37. However, it is pertinent to note that Indian Trust Act 1882 do not apply to public, religious or charitable trusts. It is not in dispute that the respondent trust is a public trust. That being the case, the learned District Judge committed an error in allowing the trust O.P. filed under section 34 of Indian Trust Act. When the Act itself does not apply to the respondent trust, the District court ought not have allowed the petition filed under section 34 of the Act. Since the trust O.P. itself is not maintainable, the fair and final order made in Trust O.P.No.100 of 2008 on the file of Principal District Judge, Chenglepet is liable to be set aside.

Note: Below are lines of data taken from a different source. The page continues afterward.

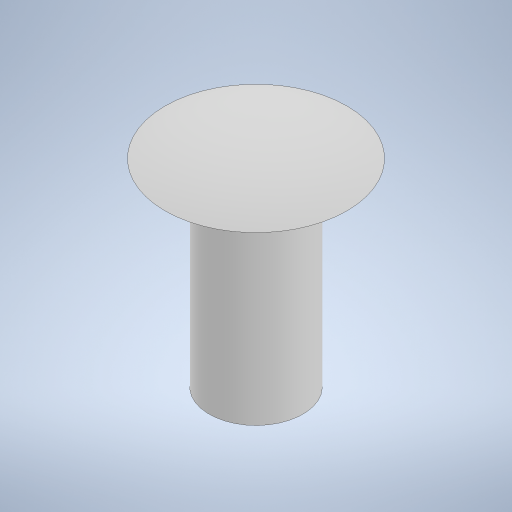
# Autodesk Inventor part: Rivet
Saved by Autodesk Inventor 2023 (Build 270158000, 158)
## iProperties
Created: 2022-11-03
Part Number: Rivet
Material: Generic
Document SubType Name: Modeling
Designer: Nebil
Density: 1 g/cm^3
Appearance: Default
Author: Nebil
Autodesk Inventor part; units mm, degrees
ref_plane "YZ Plane" through (0, 0, 0) normal (1, 0, 0) x (0, 1, 0)
ref_plane "XZ Plane" through (0, 0, 0) normal (0, 1, 0) x (-1, 0, 0)
ref_plane "XY Plane" through (0, 0, 0) normal (0, 0, 1) x (1, 0, 0)
sketch "Sketch1" plane through (0, 0, 0) normal (0, 1, 0) x (-1, 0, 0)
  circle A0 centre (0, 0) radius 2.5527
  dimension "d0" = 5.1054
  constraints: 1 centre point, 1 coincident
  measures "d0" diameter of A0
extrude "Extrusion1" add sketch "Sketch1" along normal blind 10.795
sketch "Sketch4" plane through (0, 0, 0) normal (1, 0, 0) x (0, 1, 0)
  line L0 (10.795, -2.5527) -> (10.795, 2.5527) projected
  line L1 (10.795, 0) -> (10.795, -4.953)
  line L2 (10.795, 0) -> (12.3825, 0)
  arc A0 (10.795, -4.953) -> (12.3825, 0) centre (3.998, -0.0436) ccw
  point P0 (0, 0)
  dimension "d5" = 4.953
  dimension "d6" = 1.5875
  constraints: 4 end point, 2 point on circle, 1 centre point, 1 collinear, 1 horizontal, 1 midpoint
  measures "d5" distance of L1.start L1.end
  measures "d6" distance of L1.start L2.end
revolve "Revolution1" add sketch "Sketch4" angle 360 about axis through (0, 10.795, 0) along (0, 1, 0)
body "Solid1"
Ring v4 (Autodesk Fusion 360 design; units mm, degrees)
Autodesk Fusion 360 part; units mm, degrees
sketch "Sketch1" plane through (0, 0, 0) normal (0, 1, 0) x (1, 0, 0)
  circle A0 centre (0, 0) radius 25.4 construction
  circle A1 centre (0, 0) radius 24.65
  circle A2 centre (0, 0) radius 20.65
  dimension "d6" = -0.75
  dimension "d7" = 50.8
  dimension "d8" = -4.75
  constraint coincident A0.centre A1.centre
  measures "d7" diameter of A0
extrude "Extrude1" add sketch "Sketch1" along normal mid plane 10
equation "cardboard_offset = -0.75 mm"
equation "d6 = cardboard_offset"
equation "d8 = cardboard_offset - 4 mm"

Accordingly, the same is set aside and the civil revision petition is allowed. No costs. Consequently, connected miscellaneous petition is closed. 38. With regard to second appeal, I find no ground much less substantial question of law to interfere with the judgment and decree of the lower appellate court. The second appeal is liable to be dismissed. Accordingly, the Second Appeal is dismissed. M.P.Nos. 1092 of 2010 and 984 of 2010 are allowed and C.M.P.No.3314 of 1997 stands dismissed. However, there shall be no order as to costs.